Доктор Лерой пожал плечами и жестом пригласил Барни следовать за ним в родовую палату. Барни с трудом различал предметы, но он напрягся и сощурился, силясь сфокусировать зрение. Медсестра в запачканном кровью халате уже убралась в палате и собиралась вынести прикрытый тряпкой тазик. Удивленно взглянув на доктора Лероя, когда тот попросил ее снять тряпку, она поставила тазик обратно на стол и осторожно сняла тряпку.
Барни нагнулся ближе и принялся изучать маленький неподвижный комочек. У него не было ни рук, ни ног – только жалкие культяшки, едва проглядывавшие там, где должны были располагаться плечи и верхние части бедер. Глаза слеплены, голова опущена вниз, точно во сне. Из всех зародышей, которые он когда-либо лепил, ни один не походил на этот.

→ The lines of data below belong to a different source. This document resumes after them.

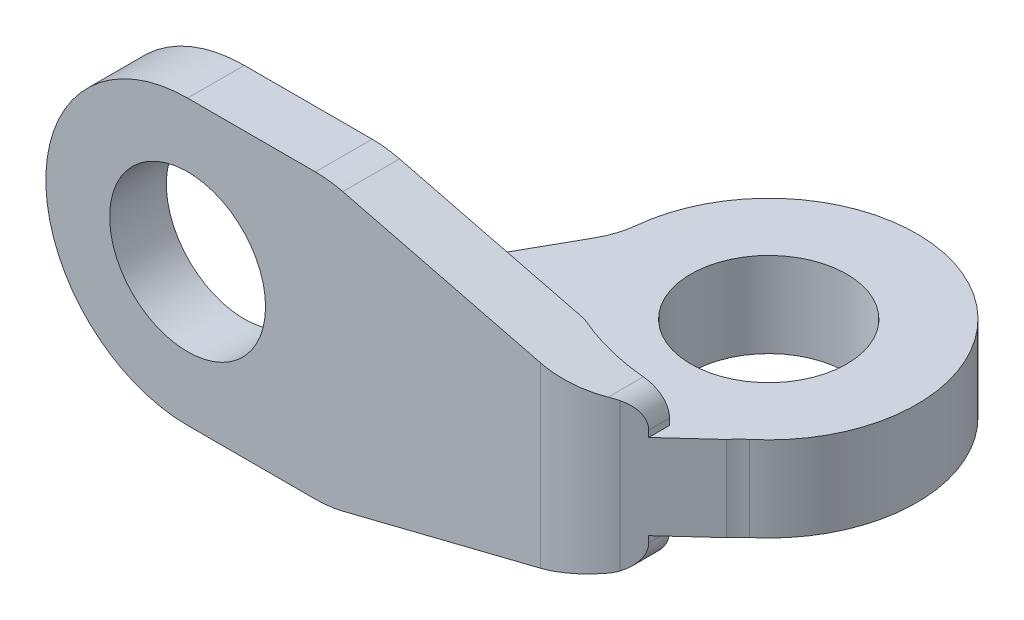
from build123d import *

# Parameters (mm, degrees)
SKETCH1_R                = 2.75
BOSS_EXTRUDE1_DEPTH      = 2
BOSS_EXTRUDE2_DEPTH      = 2.5
BOSS_EXTRUDE2_DEPTH_BACK = 0.5
FILLET1_R                = 3
CUT_EXTRUDE1_DEPTH       = 4.9
CUT_EXTRUDE1_DEPTH_BACK  = 3.5
FILLET2_R                = 3
SKETCH5_R                = 5.220153254
CUT_EXTRUDE2_DEPTH       = 3.5
SKETCH6_R                = 5.221148533
CUT_EXTRUDE3_DEPTH       = 3.5


with BuildPart() as part:
    # Sketch1 → Boss-Extrude1 (new body)
    with BuildSketch(Plane.XY):
        with BuildLine():
            Line((9.508808554, 0), (5, 0))
            ThreePointArc((5, 0), (1.464466094, -1.464466094), (0, -5))
            ThreePointArc((0, -5), (1.464466094, -8.535533906), (5, -10))
            Line((5, -10), (9.508808554, -10))
            ThreePointArc((9.508808554, -10), (9.996319776, -9.970105151), (10.476525698, -9.880868576))
            Line((10.476525698, -9.880868576), (19.242535625, -7.689366094))
            ThreePointArc((19.242535625, -7.689366094), (19.788205438, -7.334635803), (20, -6.719223594))
            Line((20, -6.719223594), (20, -4.609611797))
            Line((20, -4.609611797), (20, -3.280776406))
            ThreePointArc((20, -3.280776406), (19.788205438, -2.665364197), (19.242535625, -2.310633906))
            Line((19.242535625, -2.310633906), (10.476525698, -0.119131424))
            ThreePointArc((10.476525698, -0.119131424), (9.996319776, -0.029894849), (9.508808554, 0))
        make_face()
        with Locations((5, -5)):
            Circle(SKETCH1_R, mode=Mode.SUBTRACT)
    extrude(amount=BOSS_EXTRUDE1_DEPTH)

    # Sketch3 → Boss-Extrude2 (add, two sides: drawn at the far end of the back side and taken through both)
    with BuildSketch(Plane(origin=(0, -4, 0), x_dir=(-1, 0, 0), z_dir=(0, -1, 0)).offset(-BOSS_EXTRUDE2_DEPTH_BACK)):
        with BuildLine():
            ThreePointArc((-23.720153254, 5), (-23.109616483, 2.550217177), (-21.420820041, 0.673475957))
            Line((-21.420820041, 0.673475957), (-23.720153254, 5))
        make_face()
        with BuildLine():
            ThreePointArc((-21.420820041, 0.673475957), (-20.735912548, 0.282935757), (-20, 0))
            Line((-20, 0), (-20, 2.695113886))
            ThreePointArc((-20, 2.695113886), (-19.81101106, 7.417384951), (-15.75, 5))
            ThreePointArc((-15.75, 5), (-15.856067672, 4.243612637), (-16.166088613, 3.54557309))
            Line((-16.166088613, 3.54557309), (-14.069681773, 2.23915223))
            ThreePointArc((-14.069681773, 2.23915223), (-13.481188382, 3.564197108), (-13.279846746, 5))
            ThreePointArc((-13.279846746, 5), (-18.5, 10.220153254), (-23.720153254, 5))
            Line((-23.720153254, 5), (-21.420820041, 0.673475957))
        make_face()
        with BuildLine():
            Line((-20, 2.695113886), (-20, 0))
            ThreePointArc((-20, 0), (-16.65605263, 0.11636835), (-14.069681773, 2.23915223))
            Line((-14.069681773, 2.23915223), (-16.166088613, 3.54557309))
            ThreePointArc((-16.166088613, 3.54557309), (-17.904456328, 2.315260211), (-20, 2.695113886))
        make_face()
        with BuildLine():
            ThreePointArc((-13.279846746, 5), (-13.481188382, 3.564197108), (-14.069681773, 2.23915223))
            Line((-14.069681773, 2.23915223), (-10.476525698, 0))
            Line((-10.476525698, 0), (-13.279846746, 5))
        make_face()
        with BuildLine():
            ThreePointArc((-14.069681773, 2.23915223), (-16.65605263, 0.11636835), (-20, 0))
            ThreePointArc((-20, 0), (-20.735912548, 0.282935757), (-21.420820041, 0.673475957))
            Line((-21.420820041, 0.673475957), (-20, -2))
            Line((-20, -2), (-10.476525698, 0))
            Line((-10.476525698, 0), (-14.069681773, 2.23915223))
        make_face()
    extrude(amount=BOSS_EXTRUDE2_DEPTH + BOSS_EXTRUDE2_DEPTH_BACK)

    # Fillet1
    fillet1_edges = [part.edges().sort_by_distance(p)[0] for p in [
        (10.476525698, -5, 0),
        (21.420820041, -5, -0.673475957),
        (13.279846746, -5, -5),
    ]]
    fillet(fillet1_edges, radius=FILLET1_R)

    # Sketch4 → Cut-Extrude1 (cut, two sides: drawn at the far end of the back side and taken through both)
    with BuildSketch(Plane(origin=(0, -4, 0), x_dir=(-1, 0, 0), z_dir=(0, -1, 0)).offset(-CUT_EXTRUDE1_DEPTH_BACK)):
        Polygon((-21.432511864, 0.575653333), (-18.613235122, -2), (-20, -2), align=None)
    extrude(amount=CUT_EXTRUDE1_DEPTH + CUT_EXTRUDE1_DEPTH_BACK, mode=Mode.SUBTRACT)

    # Fillet2
    fillet2_edges = [part.edges().sort_by_distance(p)[0] for p in [
        (18.613235122, -5, 2),
    ]]
    fillet(fillet2_edges, radius=FILLET2_R)

    # Sketch5 → Cut-Extrude2 (cut)
    with BuildSketch(Plane.XZ.offset(6.5)):
        with Locations((18.5, -5)):
            Circle(SKETCH5_R)
    extrude(amount=CUT_EXTRUDE2_DEPTH, mode=Mode.SUBTRACT)

    # Sketch6 → Cut-Extrude3 (cut)
    with BuildSketch(Plane(origin=(0, -3.5, 0), x_dir=(1, 0, 0), z_dir=(0, 1, 0))):
        with Locations((18.5, 5)):
            Circle(SKETCH6_R)
    extrude(amount=CUT_EXTRUDE3_DEPTH, mode=Mode.SUBTRACT)


solid = part.part
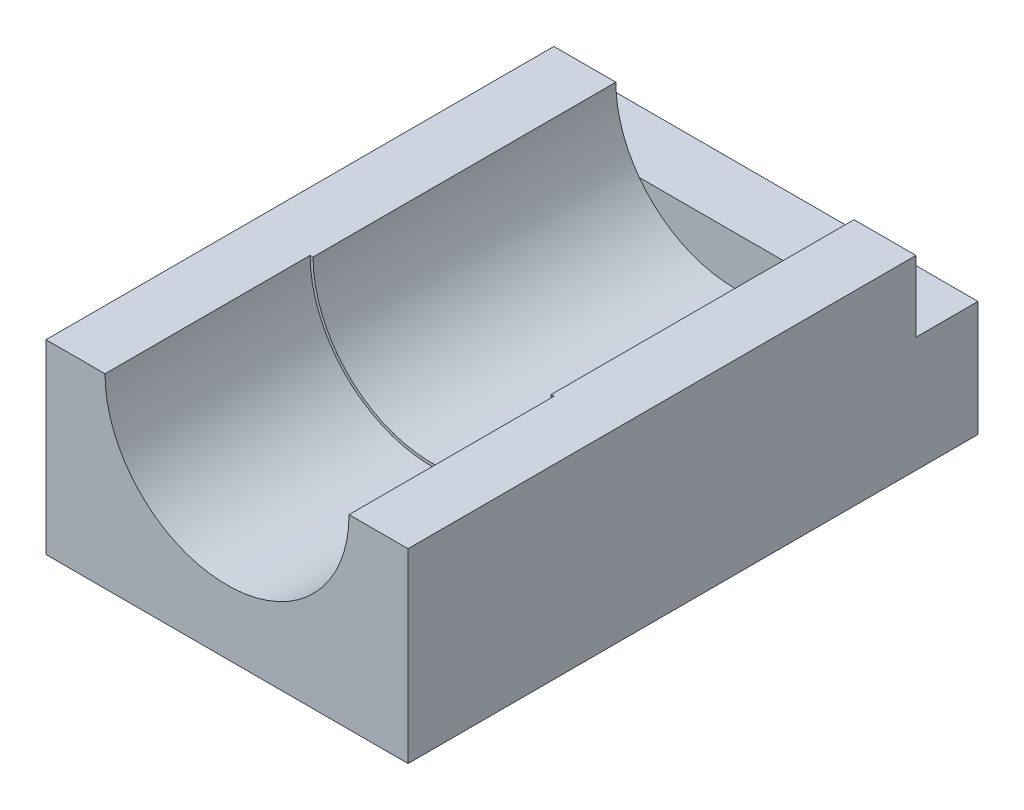
from build123d import *

# Parameters (mm, degrees)
BOSS_EXTRUDE1_DEPTH = 31
BOSS_EXTRUDE2_DEPTH = 21
SKETCH6_W           = 37.064796383
SKETCH6_H           = 11.800429223
BOSS_EXTRUDE3_DEPTH = 6.35
SKETCH8_R           = 2.000000064
CUT_EXTRUDE4_DEPTH  = 6.99999997


with BuildPart() as part:
    # Sketch1 → Boss-Extrude1 (new body)
    with BuildSketch(Plane.XY):
        with BuildLine():
            Line((23.763847258, 19.05), (23.763847258, 0))
            Line((23.763847258, 0), (-13.300949125, 0))
            Line((-13.300949125, 0), (-13.300949125, 19.05))
            Line((-13.300949125, 19.05), (-6.958949124, 19.05))
            ThreePointArc((-6.958949124, 19.05), (5.231449067, 6.859601809), (17.421847257, 19.05))
            Line((17.421847257, 19.05), (23.763847258, 19.05))
        make_face()
    extrude(amount=BOSS_EXTRUDE1_DEPTH)

    # Sketch3 → Boss-Extrude2 (add)
    with BuildSketch(Plane.XY.offset(31)):
        with BuildLine():
            Line((-13.300949125, 19.05), (-13.300949125, 0))
            Line((-13.300949125, 0), (23.763847258, 0))
            Line((23.763847258, 0), (23.763847258, 19.05))
            Line((23.763847258, 19.05), (17.72184715, 19.05))
            ThreePointArc((17.72184715, 19.05), (5.231449012, 6.559601862), (-7.258949126, 19.05))
            Line((-7.258949126, 19.05), (-13.300949125, 19.05))
        make_face()
    extrude(amount=BOSS_EXTRUDE2_DEPTH)

    # Sketch6 → Boss-Extrude3 (add)
    with BuildSketch(Plane(origin=(0, 0, 0), x_dir=(-1, 0, 0), z_dir=(0, 0, -1))):
        with Locations((-5.231449067, 5.900214612)):
            Rectangle(SKETCH6_W, SKETCH6_H)
    extrude(amount=BOSS_EXTRUDE3_DEPTH)

    # Sketch8 → Cut-Extrude4 (cut)
    with BuildSketch(Plane.XZ):
        with Locations(Location((-6.950949125, 45.65, 0), (0, 0, 270))):
            Circle(SKETCH8_R)
        with Locations(Location((-6.950949125, 0, 0), (0, 0, 270))):
            Circle(SKETCH8_R)
        with Locations(Location((17.413847258, 45.65, 0), (0, 0, 270))):
            Circle(SKETCH8_R)
        with Locations(Location((17.413847258, 0, 0), (0, 0, 270))):
            Circle(SKETCH8_R)
    extrude(amount=-CUT_EXTRUDE4_DEPTH, mode=Mode.SUBTRACT)


solid = part.part
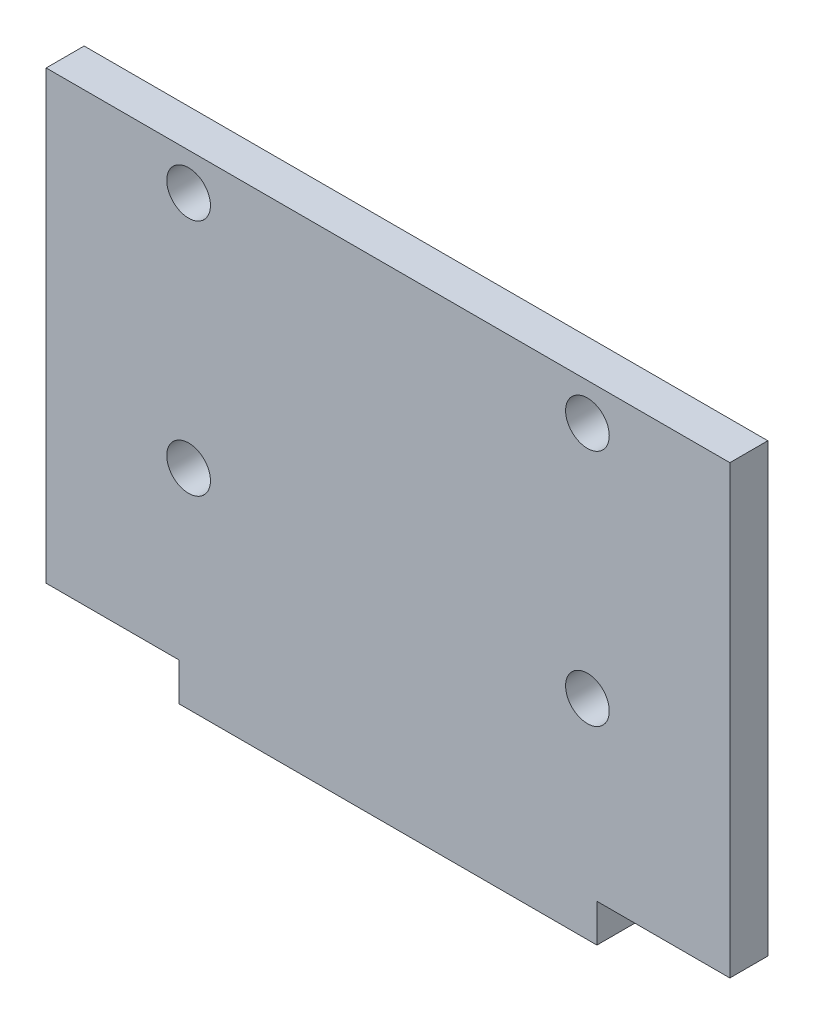
from build123d import *

# Parameters (mm, degrees)
SKETCH1_R           = 1.15
BOSS_EXTRUDE1_DEPTH = 2


with BuildPart() as part:
    # Sketch1 → Boss-Extrude1 (new body)
    with BuildSketch(Plane.XY):
        Polygon((-7, 2), (-7, 25.5), (29, 25.5), (29, 2), (22, 2), (22, 0), (0, 0), (0, 2), align=None)
        with Locations((0.5, 11)):
            Circle(SKETCH1_R, mode=Mode.SUBTRACT)
        with Locations((0.5, 23.55)):
            Circle(SKETCH1_R, mode=Mode.SUBTRACT)
        with Locations((21.5, 23.55)):
            Circle(SKETCH1_R, mode=Mode.SUBTRACT)
        with Locations((21.5, 11)):
            Circle(SKETCH1_R, mode=Mode.SUBTRACT)
    extrude(amount=BOSS_EXTRUDE1_DEPTH)


solid = part.part
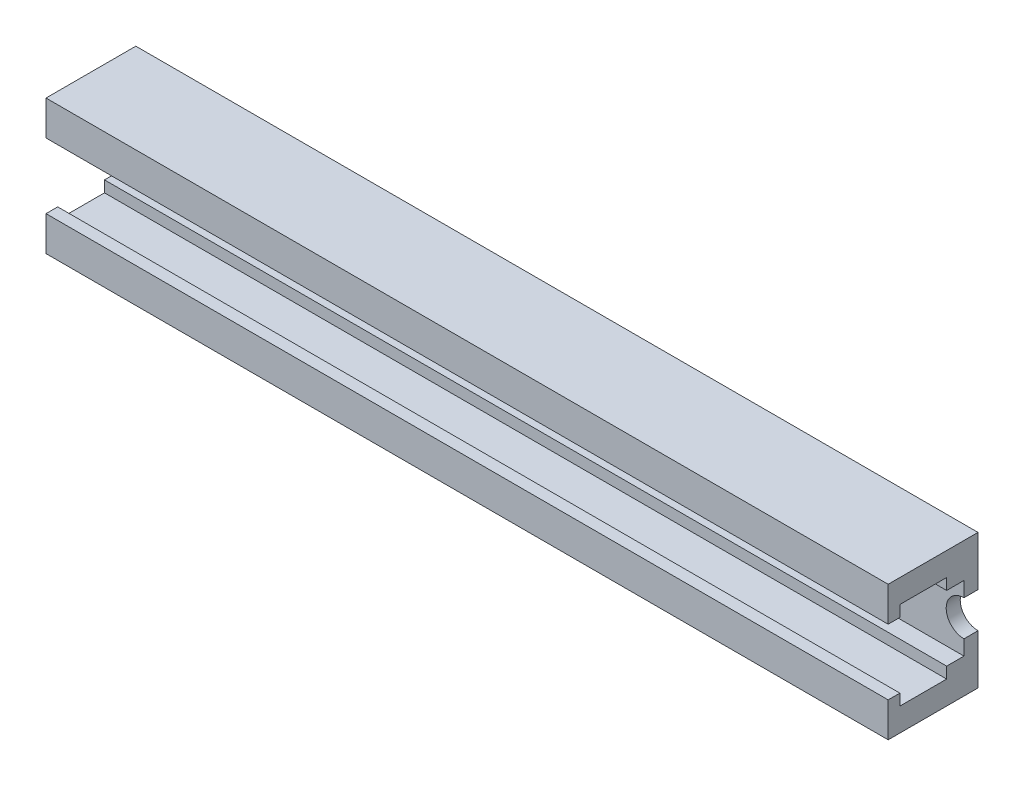
from build123d import *

# Parameters (mm, degrees)
BOSS_EXTRUDE1_DEPTH = 228.6
SKETCH3_R           = 2.413
CUT_EXTRUDE1_DEPTH  = 1.905
LPATTERN1_COUNT     = 3
LPATTERN1_PITCH     = 76.2
SKETCH4_W           = 22.804701919
SKETCH4_H           = 24.737303777
CUT_EXTRUDE2_DEPTH  = 342.9


with BuildPart() as part:
    # Sketch2 → Boss-Extrude1 (new, symmetric)
    with BuildSketch(Plane(origin=(0, 0, 0), x_dir=(0, 0, -1), z_dir=(1, 0, 0))):
        Polygon((0, 9.144), (-12.192, 9.144), (-12.192, 4.445), (-10.6045, 4.445), (-10.6045, 5.969), (-4.2545, 5.969), (-4.2545, 4.445), (-1.905, 4.445), (-1.905, -4.445), (-4.2545, -4.445), (-4.2545, -5.969), (-10.6045, -5.969), (-10.6045, -4.445), (-12.192, -4.445), (-12.192, -9.144), (0, -9.144), align=None)
    extrude(amount=BOSS_EXTRUDE1_DEPTH, both=True)

    # Sketch3 → Cut-Extrude1 (cut)
    with BuildSketch(Plane.XY.offset(1.905)):
        with Locations((38.1, 0)):
            Circle(SKETCH3_R)
    cut_extrude1 = extrude(amount=-CUT_EXTRUDE1_DEPTH, mode=Mode.SUBTRACT)

    # LPattern1: Cut-Extrude1 ×3
    with Locations(*[(i * LPATTERN1_PITCH, 0, 0) for i in range(1, LPATTERN1_COUNT)]):
        add(cut_extrude1, mode=Mode.SUBTRACT)

    # SurfaceCut1
    split(bisect_by=Plane(origin=(0, 0, 0), x_dir=(0, 0, -1), z_dir=(1, 0, 0)), keep=Keep.TOP)

    # Mirror1: part across plane


with BuildPart() as part_1:
    add(part.part)
    add(part.part.mirror(Plane(origin=(0, 0, 0), x_dir=(0, 0, 1), z_dir=(1, 0, 0))))

    # Sketch4 → Cut-Extrude2 (cut)
    with BuildSketch(Plane(origin=(228.6, 0, 0), x_dir=(0, 0, -1), z_dir=(1, 0, 0))):
        with Locations((-5.709479629, -0.367194353)):
            Rectangle(SKETCH4_W, SKETCH4_H)
    extrude(amount=-CUT_EXTRUDE2_DEPTH, mode=Mode.SUBTRACT)


solid = part_1.part
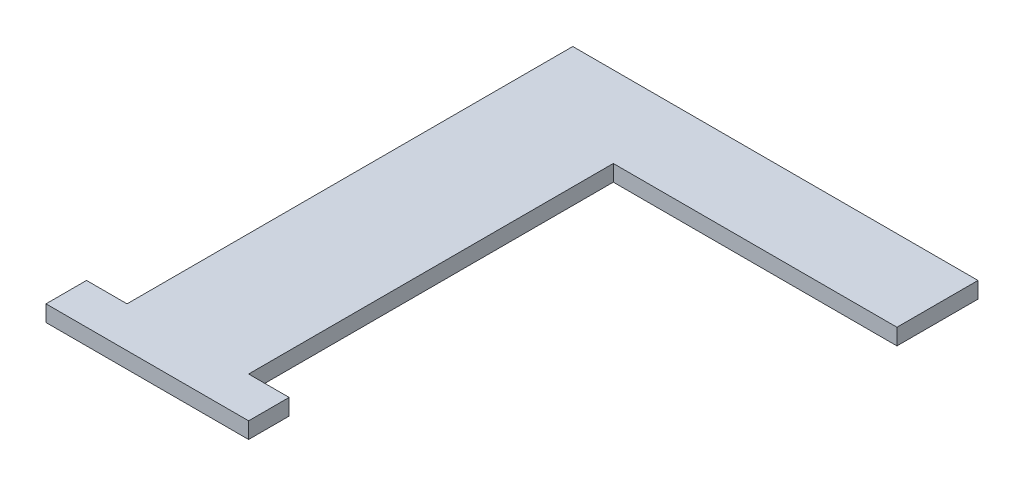
from build123d import *

# Parameters (mm, degrees)
BOSS_EXTRUDE1_DEPTH = 2


with BuildPart() as part:
    # Sketch2 → Boss-Extrude1 (new body)
    with BuildSketch(Plane(origin=(0, 0, 0), x_dir=(1, 0, 0), z_dir=(0, 1, 0))):
        Polygon((0, 0), (-50, 0), (-50, -55), (-55, -55), (-55, -60), (-50, -60), (-35, -60), (-30, -60), (-30, -55), (-35, -55), (-35, -10), (0, -10), align=None)
    extrude(amount=BOSS_EXTRUDE1_DEPTH)


solid = part.part

Он прикоснулся к склизкой культяшке, торчавшей вместо руки. Такое ему трудно было себе даже представить.
И, глядя на неживое существо в тазике, Барни почувствовал, как у него изнутри вырывается нечто похожее на волну, или спазм, или судорогу, – сухие позывы вдруг превратились в слезы, которые ручьями потекли по его щекам: он оплакивал своего единственного сына.
МАФИОЗНЫЙ СЛЕД
В 1971 году, через три года после публикации «Прикосновения», одна американская компания продала Заиру восемь трехфутовых стальных цилиндров в рамках программы «Атом для мира». Восемь стержней обогащенного урана предназначались для опытного реактора в Киншасе, однако после падения правительства Мобуту они исчезли.
След пропавших стержней обнаружился в тысяча девятьсот девяносто седьмом году во Франции, откуда он привел в Италию. Затем стержни попали в руки мафии, и мафиози решили их сбыть. Итальянская полиция организовала в Риме секретную операцию, в ходе которой полицейский агент выступил в роли посредника. Известный только под прозвищем «учетчик», он выдавал себя за представителя «некоей арабской страны». Мафиози продали ему один из стержней.